**DATA SHOWN**
──────

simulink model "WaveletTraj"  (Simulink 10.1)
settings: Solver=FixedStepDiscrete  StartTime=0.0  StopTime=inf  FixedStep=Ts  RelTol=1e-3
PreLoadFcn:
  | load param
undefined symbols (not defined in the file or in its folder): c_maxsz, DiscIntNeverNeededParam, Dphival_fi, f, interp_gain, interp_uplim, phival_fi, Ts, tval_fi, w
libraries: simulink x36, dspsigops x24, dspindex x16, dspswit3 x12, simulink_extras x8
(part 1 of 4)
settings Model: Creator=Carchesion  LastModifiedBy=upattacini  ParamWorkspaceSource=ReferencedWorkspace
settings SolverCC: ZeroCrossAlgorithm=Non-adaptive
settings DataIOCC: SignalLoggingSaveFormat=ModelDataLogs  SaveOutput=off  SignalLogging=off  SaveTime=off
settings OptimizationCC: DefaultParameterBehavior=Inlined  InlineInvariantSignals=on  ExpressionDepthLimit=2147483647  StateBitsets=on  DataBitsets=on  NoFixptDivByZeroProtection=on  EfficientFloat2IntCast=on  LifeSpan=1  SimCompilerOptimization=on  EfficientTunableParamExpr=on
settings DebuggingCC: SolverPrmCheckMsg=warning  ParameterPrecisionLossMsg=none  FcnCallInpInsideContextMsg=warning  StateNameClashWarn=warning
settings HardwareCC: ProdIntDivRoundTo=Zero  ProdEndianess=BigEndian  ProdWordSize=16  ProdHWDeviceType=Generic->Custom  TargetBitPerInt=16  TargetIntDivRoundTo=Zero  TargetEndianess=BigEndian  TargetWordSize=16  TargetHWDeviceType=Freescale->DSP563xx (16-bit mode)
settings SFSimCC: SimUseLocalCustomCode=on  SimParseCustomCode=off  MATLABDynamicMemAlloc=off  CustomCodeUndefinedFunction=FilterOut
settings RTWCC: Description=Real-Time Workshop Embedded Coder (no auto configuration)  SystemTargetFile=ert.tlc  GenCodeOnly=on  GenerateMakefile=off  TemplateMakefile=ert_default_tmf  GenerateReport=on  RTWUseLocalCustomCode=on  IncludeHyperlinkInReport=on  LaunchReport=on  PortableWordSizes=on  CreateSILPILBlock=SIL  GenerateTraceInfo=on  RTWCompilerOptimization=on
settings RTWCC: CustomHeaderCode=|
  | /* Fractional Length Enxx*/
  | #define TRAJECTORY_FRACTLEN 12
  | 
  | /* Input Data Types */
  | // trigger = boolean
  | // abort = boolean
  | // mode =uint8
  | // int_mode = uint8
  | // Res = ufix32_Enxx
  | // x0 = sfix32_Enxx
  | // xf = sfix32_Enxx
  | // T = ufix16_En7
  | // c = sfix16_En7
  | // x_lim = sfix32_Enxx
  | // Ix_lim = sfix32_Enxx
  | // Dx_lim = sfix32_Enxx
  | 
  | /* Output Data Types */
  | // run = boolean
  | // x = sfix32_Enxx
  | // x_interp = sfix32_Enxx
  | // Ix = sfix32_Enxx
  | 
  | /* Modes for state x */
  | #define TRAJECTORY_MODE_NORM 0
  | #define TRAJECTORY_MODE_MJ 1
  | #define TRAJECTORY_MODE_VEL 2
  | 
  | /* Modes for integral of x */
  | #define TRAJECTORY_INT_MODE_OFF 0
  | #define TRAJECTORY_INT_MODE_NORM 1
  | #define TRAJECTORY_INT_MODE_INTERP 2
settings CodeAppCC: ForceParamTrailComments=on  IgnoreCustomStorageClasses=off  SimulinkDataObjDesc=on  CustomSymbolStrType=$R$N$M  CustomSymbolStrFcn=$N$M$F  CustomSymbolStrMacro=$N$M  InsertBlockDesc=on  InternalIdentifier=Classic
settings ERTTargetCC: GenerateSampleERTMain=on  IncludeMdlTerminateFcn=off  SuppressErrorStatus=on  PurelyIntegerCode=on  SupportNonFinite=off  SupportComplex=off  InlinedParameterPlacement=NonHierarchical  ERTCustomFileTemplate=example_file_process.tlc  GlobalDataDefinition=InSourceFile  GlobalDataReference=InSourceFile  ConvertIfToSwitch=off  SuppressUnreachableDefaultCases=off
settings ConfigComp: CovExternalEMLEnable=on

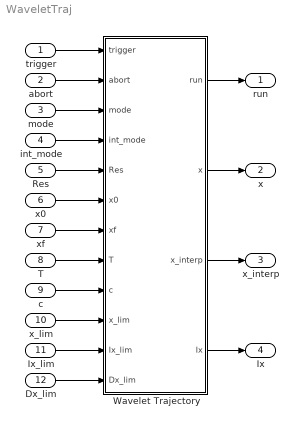
== system WaveletTraj ==
  trigger : Inport  OutDataTypeStr=boolean  PortDimensions=4
  abort : Inport  Port=2  OutDataTypeStr=boolean  PortDimensions=4
  mode : Inport  Port=3  OutDataTypeStr=uint8  PortDimensions=4
  int_mode : Inport  Port=4  OutDataTypeStr=uint8  PortDimensions=4
  Res : Inport  Port=5  OutDataTypeStr=fixdt(0,w,f)  PortDimensions=4
  x0 : Inport  Port=6  OutDataTypeStr=fixdt(1,w,f)  PortDimensions=4
  xf : Inport  Port=7  OutDataTypeStr=fixdt(1,w,f)  PortDimensions=4
  T : Inport  Port=8  OutDataTypeStr=fixdt(0,16,7)  PortDimensions=4
  c : Inport  Port=9  OutDataTypeStr=fixdt(1,16,7)  PortDimensions=[4 c_maxsz]
  x_lim : Inport  Port=10  OutDataTypeStr=fixdt(1,w,f)  PortDimensions=[4 2]
  Ix_lim : Inport  Port=11  OutDataTypeStr=fixdt(1,w,f)  PortDimensions=[4 2]
  Dx_lim : Inport  Port=12  OutDataTypeStr=fixdt(1,w,f)  PortDimensions=[4 2]
  Wavelet Trajectory : Subsystem
  run : Outport  PortDimensions=4
  x : Outport  Port=2  PortDimensions=4
  x_interp : Outport  Port=3  PortDimensions=4
  Ix : Outport  Port=4  PortDimensions=4
  wires:
  trigger/1 -> Wavelet Trajectory/1(trigger)
  Res/1 -> Wavelet Trajectory/5(Res)
  x0/1 -> Wavelet Trajectory/6(x0)
  T/1 -> Wavelet Trajectory/8(T)
  c/1 -> Wavelet Trajectory/9(c)
  Wavelet Trajectory/1(run) -> run/1
  Wavelet Trajectory/2(x) -> x/1
  Wavelet Trajectory/3(x_interp) -> x_interp/1
  xf/1 -> Wavelet Trajectory/7(xf)
  mode/1 -> Wavelet Trajectory/3(mode)
  abort/1 -> Wavelet Trajectory/2(abort)
  x_lim/1 -> Wavelet Trajectory/10(x_lim)
  Ix_lim/1 -> Wavelet Trajectory/11(Ix_lim)
  Wavelet Trajectory/4(Ix) -> Ix/1
  int_mode/1 -> Wavelet Trajectory/4(int_mode)
  Dx_lim/1 -> Wavelet Trajectory/12(Dx_lim)

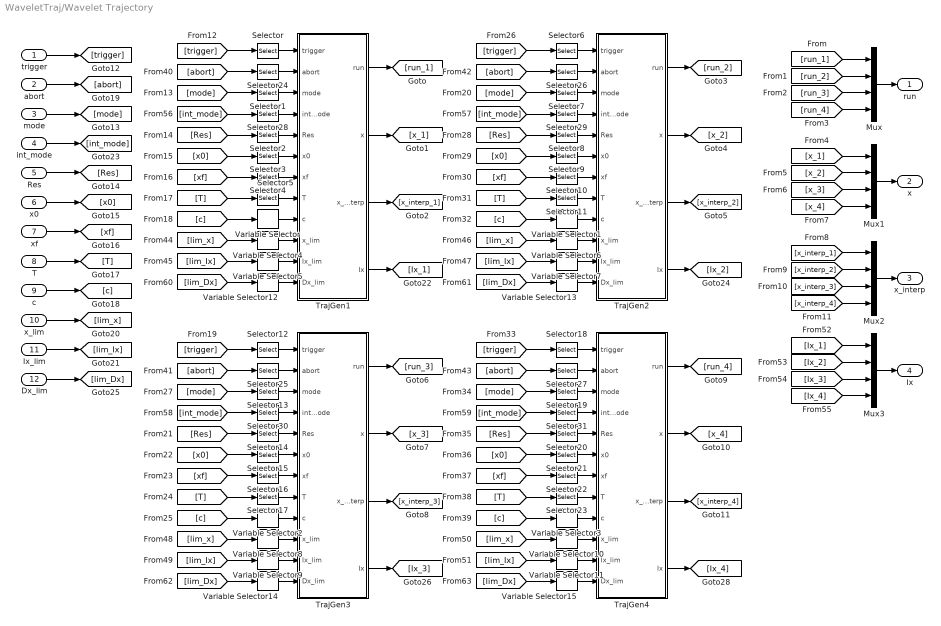
== system WaveletTraj/Wavelet Trajectory ==
  trigger : Inport
  abort : Inport  Port=2
  mode : Inport  Port=3
  int_mode : Inport  Port=4
  Res : Inport  Port=5
  x0 : Inport  Port=6
  xf : Inport  Port=7
  T : Inport  Port=8
  c : Inport  Port=9
  x_lim : Inport  Port=10
  Ix_lim : Inport  Port=11
  Dx_lim : Inport  Port=12
  Mux{,1..3} (4 alike) : Mux
  Selector{,1..5,24,28} (8 alike) : Selector  InputPortWidth=4  IndexOptions=Index vector (dialog)  Indices=1  OutputSizes=1
  Selector{6..11,26,29} (8 alike) : Selector  InputPortWidth=4  IndexOptions=Index vector (dialog)  Indices=2  OutputSizes=1
  Selector{12..17,25,30} (8 alike) : Selector  InputPortWidth=4  IndexOptions=Index vector (dialog)  Indices=3  OutputSizes=1
  Selector{18..23,27,31} (8 alike) : Selector  InputPortWidth=4  IndexOptions=Index vector (dialog)  Indices=4  OutputSizes=1
  TrajGen1 : Subsystem  TreatAsAtomicUnit=on  RTWFcnName=WaveletTrajectory
      settings: RTWFcnNameOpts=User specified
  TrajGen2 : Subsystem  TreatAsAtomicUnit=on  RTWFcnName=WaveletTrajectory
      settings: RTWFcnNameOpts=User specified
  TrajGen3 : Subsystem  TreatAsAtomicUnit=on  RTWFcnName=WaveletTrajectory
      settings: RTWFcnNameOpts=User specified
  TrajGen4 : Subsystem  TreatAsAtomicUnit=on  RTWFcnName=WaveletTrajectory
      settings: RTWFcnNameOpts=User specified
  Variable Selector{,4..5,12} (4 alike) : dspindex/Variable Selector  NumInputs=1  rowsOrCols=Rows  IdxMode=Fixed  Elements=1  ZerOneIdxMode=One-based  errmode=Clip Index  FillMode=off  FillValues=0
  Variable Selector{1,6..7,13} (4 alike) : dspindex/Variable Selector  NumInputs=1  rowsOrCols=Rows  IdxMode=Fixed  Elements=2  ZerOneIdxMode=One-based  errmode=Clip Index  FillMode=off  FillValues=0
  Variable Selector{3,10..11,15} (4 alike) : dspindex/Variable Selector  NumInputs=1  rowsOrCols=Rows  IdxMode=Fixed  Elements=4  ZerOneIdxMode=One-based  errmode=Clip Index  FillMode=off  FillValues=0
  Variable Selector{2,8..9,14} (4 alike) : dspindex/Variable Selector  NumInputs=1  rowsOrCols=Rows  IdxMode=Fixed  Elements=3  ZerOneIdxMode=One-based  errmode=Clip Index  FillMode=off  FillValues=0
  run : Outport
  x : Outport  Port=2
  x_interp : Outport  Port=3
  Ix : Outport  Port=4
  wires:
  Mux/1 -> run/1
  [run_1] -> Mux/1
  [run_2] -> Mux/2
  [run_3] -> Mux/3
  [run_4] -> Mux/4
  [x_1] -> Mux1/1
  [x_2] -> Mux1/2
  [x_3] -> Mux1/3
  [x_4] -> Mux1/4
  [x_interp_1] -> Mux2/1
  [x_interp_2] -> Mux2/2
  [x_interp_3] -> Mux2/3
  [x_interp_4] -> Mux2/4
  Mux2/1 -> x_interp/1
  Mux1/1 -> x/1
  trigger/1 -> [trigger]
  mode/1 -> [mode]
  Res/1 -> [Res]
  x0/1 -> [x0]
  xf/1 -> [xf]
  T/1 -> [T]
  c/1 -> [c]
  [trigger] -> Selector/1
  [mode] -> Selector1/1
  [Res] -> Selector2/1
  [x0] -> Selector3/1
  [xf] -> Selector4/1
  [T] -> Selector5/1
  [c] -> Variable Selector/1
  [trigger] -> Selector12/1
  [mode] -> Selector13/1
  [Res] -> Selector14/1
  [x0] -> Selector15/1
  [xf] -> Selector16/1
  [T] -> Selector17/1
  [c] -> Variable Selector2/1
  [trigger] -> Selector6/1
  [mode] -> Selector7/1
  [Res] -> Selector8/1
  [x0] -> Selector9/1
  [xf] -> Selector10/1
  [T] -> Selector11/1
  [c] -> Variable Selector1/1
  [trigger] -> Selector18/1
  [mode] -> Selector19/1
  [Res] -> Selector20/1
  [x0] -> Selector21/1
  [xf] -> Selector22/1
  [T] -> Selector23/1
  [c] -> Variable Selector3/1
  Variable Selector/1 -> TrajGen1/9(c)
  Selector5/1 -> TrajGen1/8(T)
  Selector4/1 -> TrajGen1/7(xf)
  Selector3/1 -> TrajGen1/6(x0)
  Selector2/1 -> TrajGen1/5(Res)
  Selector1/1 -> TrajGen1/3(mode)
  Selector/1 -> TrajGen1/1(trigger)
  [abort] -> Selector24/1
  Selector24/1 -> TrajGen1/2(abort)
  abort/1 -> [abort]
  TrajGen1/1(run) -> [run_1]
  TrajGen1/2(x) -> [x_1]
  TrajGen1/3(x_interp) -> [x_interp_1]
  [abort] -> Selector25/1
  [abort] -> Selector26/1
  [abort] -> Selector27/1
  Ix_lim/1 -> [lim_Ix]
  x_lim/1 -> [lim_x]
  Variable Selector4/1 -> TrajGen1/10(x_lim)
  Variable Selector5/1 -> TrajGen1/11(Ix_lim)
  [lim_x] -> Variable Selector6/1
  [lim_Ix] -> Variable Selector7/1
  [lim_x] -> Variable Selector8/1
  [lim_Ix] -> Variable Selector9/1
  [lim_x] -> Variable Selector10/1
  [lim_Ix] -> Variable Selector11/1
  TrajGen1/4(Ix) -> [Ix_1]
  [Ix_1] -> Mux3/1
  [Ix_2] -> Mux3/2
  [Ix_3] -> Mux3/3
  [Ix_4] -> Mux3/4
  Mux3/1 -> Ix/1
  [lim_x] -> Variable Selector4/1
  [lim_Ix] -> Variable Selector5/1
  int_mode/1 -> [int_mode]
  [int_mode] -> Selector28/1
  Selector28/1 -> TrajGen1/4(int_mode)
  [int_mode] -> Selector29/1
  [int_mode] -> Selector30/1
  [int_mode] -> Selector31/1
  Selector6/1 -> TrajGen2/1(trigger)
  Selector26/1 -> TrajGen2/2(abort)
  Selector7/1 -> TrajGen2/3(mode)
  Selector29/1 -> TrajGen2/4(int_mode)
  Selector8/1 -> TrajGen2/5(Res)
  Selector9/1 -> TrajGen2/6(x0)
  Selector10/1 -> TrajGen2/7(xf)
  Selector11/1 -> TrajGen2/8(T)
  Variable Selector1/1 -> TrajGen2/9(c)
  Variable Selector6/1 -> TrajGen2/10(x_lim)
  Variable Selector7/1 -> TrajGen2/11(Ix_lim)
  Selector12/1 -> TrajGen3/1(trigger)
  Selector25/1 -> TrajGen3/2(abort)
  Selector13/1 -> TrajGen3/3(mode)
  Selector30/1 -> TrajGen3/4(int_mode)
  Selector14/1 -> TrajGen3/5(Res)
  Selector15/1 -> TrajGen3/6(x0)
  Selector16/1 -> TrajGen3/7(xf)
  Selector17/1 -> TrajGen3/8(T)
  Variable Selector2/1 -> TrajGen3/9(c)
  Variable Selector8/1 -> TrajGen3/10(x_lim)
  Variable Selector9/1 -> TrajGen3/11(Ix_lim)
  Selector18/1 -> TrajGen4/1(trigger)
  Selector27/1 -> TrajGen4/2(abort)
  Selector19/1 -> TrajGen4/3(mode)
  Selector31/1 -> TrajGen4/4(int_mode)
  Selector20/1 -> TrajGen4/5(Res)
  Selector21/1 -> TrajGen4/6(x0)
  Selector22/1 -> TrajGen4/7(xf)
  Selector23/1 -> TrajGen4/8(T)
  Variable Selector3/1 -> TrajGen4/9(c)
  Variable Selector10/1 -> TrajGen4/10(x_lim)
  Variable Selector11/1 -> TrajGen4/11(Ix_lim)
  TrajGen2/1(run) -> [run_2]
  Dx_lim/1 -> [lim_Dx]
  [lim_Dx] -> Variable Selector12/1
  Variable Selector12/1 -> TrajGen1/12(Dx_lim)
  TrajGen2/2(x) -> [x_2]
  TrajGen2/3(x_interp) -> [x_interp_2]
  TrajGen2/4(Ix) -> [Ix_2]
  TrajGen3/1(run) -> [run_3]
  TrajGen3/2(x) -> [x_3]
  TrajGen3/3(x_interp) -> [x_interp_3]
  TrajGen3/4(Ix) -> [Ix_3]
  TrajGen4/1(run) -> [run_4]
  TrajGen4/2(x) -> [x_4]
  TrajGen4/3(x_interp) -> [x_interp_4]
  TrajGen4/4(Ix) -> [Ix_4]
  [lim_Dx] -> Variable Selector13/1
  Variable Selector13/1 -> TrajGen2/12(Dx_lim)
  [lim_Dx] -> Variable Selector14/1
  Variable Selector14/1 -> TrajGen3/12(Dx_lim)
  [lim_Dx] -> Variable Selector15/1
  Variable Selector15/1 -> TrajGen4/12(Dx_lim)

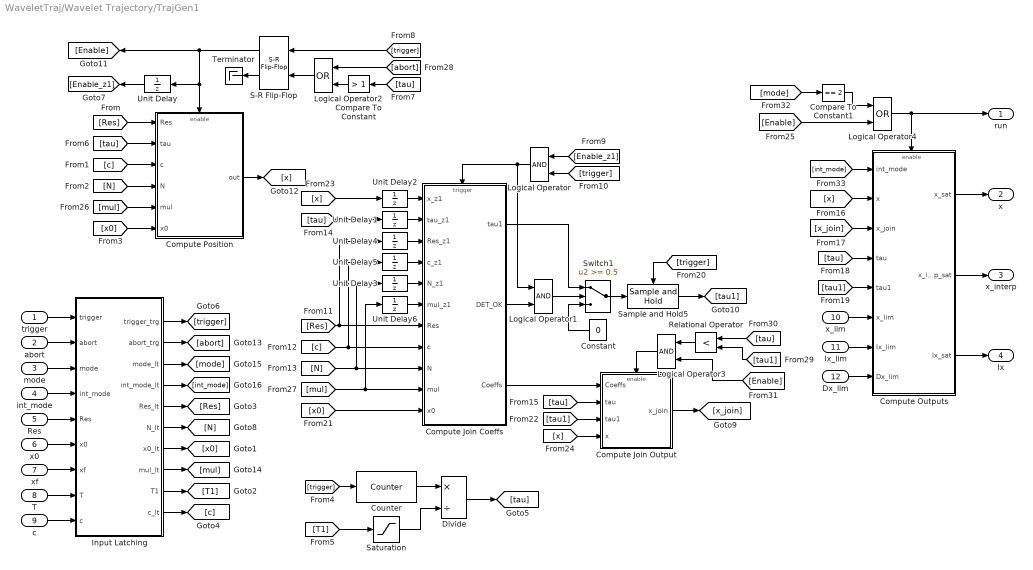
== system WaveletTraj/Wavelet Trajectory/TrajGen1 ==
  trigger : Inport  PortDimensions=1
  abort : Inport  Port=2  PortDimensions=1
  mode : Inport  Port=3  PortDimensions=1
  int_mode : Inport  Port=4  PortDimensions=1
  Res : Inport  Port=5  PortDimensions=1
  x0 : Inport  Port=6  PortDimensions=1
  xf : Inport  Port=7  PortDimensions=1
  T : Inport  Port=8  PortDimensions=1
  c : Inport  Port=9  PortDimensions=c_maxsz
  x_lim : Inport  Port=10  PortDimensions=2
  Ix_lim : Inport  Port=11  PortDimensions=2
  Dx_lim : Inport  Port=12  PortDimensions=2
  Compare To Constant : simulink/Logic and Bit Operations/Compare To Constant  SystemSampleTime=-1  relop=>  const=1  LogicOutDataTypeMode=boolean  ZeroCross=off
  Compare To Constant1 : simulink/Logic and Bit Operations/Compare To Constant  SystemSampleTime=-1  relop===  const=2  LogicOutDataTypeMode=boolean  ZeroCross=off
  Compute Join Coeffs : Subsystem  RTWFcnName=Trajectory_ComputeJoinCoeffs
      settings: RTWFcnNameOpts=User specified
  Compute Join Output : Subsystem  TreatAsAtomicUnit=on  RTWFcnName=Trajectory_ComputeJoinOutput
      settings: RTWFcnNameOpts=User specified
  Compute Outputs : Subsystem  TreatAsAtomicUnit=on  RTWFcnName=Trajectory_ComputeOutputs
      settings: RTWFcnNameOpts=User specified
  Compute Position : Subsystem  TreatAsAtomicUnit=on  RTWFcnName=Trajectory_ComputePosition
      settings: RTWFcnNameOpts=User specified
  Constant : Constant  Value=0  OutDataTypeStr=fixdt(1,w,f)
  Counter : dspswit3/Counter  Direction=Up  CountEvent=Free running  CounterSize=32 bits  MaxCount=255  InitialCount=0  Output=Count  HitValue=32  ResetInput=on  SamplesPerFrame=1  Ts=-1  CntDtype=uint32  HitDtype=Logical
  Divide : Product  Inputs=*/  OutDataTypeStr=fixdt(1,w,f)  RndMeth=Nearest  SaturateOnIntegerOverflow=on
  Input Latching : Subsystem  TreatAsAtomicUnit=on  RTWFcnName=Trajectory_InputLatching
      settings: RTWFcnNameOpts=User specified
  Logical Operator : Logic  IconShape=distinctive  AllPortsSameDT=off  OutDataTypeStr=boolean
  Logical Operator1 : Logic  IconShape=distinctive  AllPortsSameDT=off  OutDataTypeStr=boolean
  Logical Operator2 : Logic  Operator=OR  IconShape=distinctive  AllPortsSameDT=off  OutDataTypeStr=boolean
  Logical Operator3 : Logic  IconShape=distinctive  AllPortsSameDT=off  OutDataTypeStr=boolean
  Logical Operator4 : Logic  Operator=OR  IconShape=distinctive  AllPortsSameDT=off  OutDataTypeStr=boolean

──────

**EXERCISE GOAL**
Tell how many lines of the data above hold the string "boolean". Give only the number.

**ANSWER AREA**
12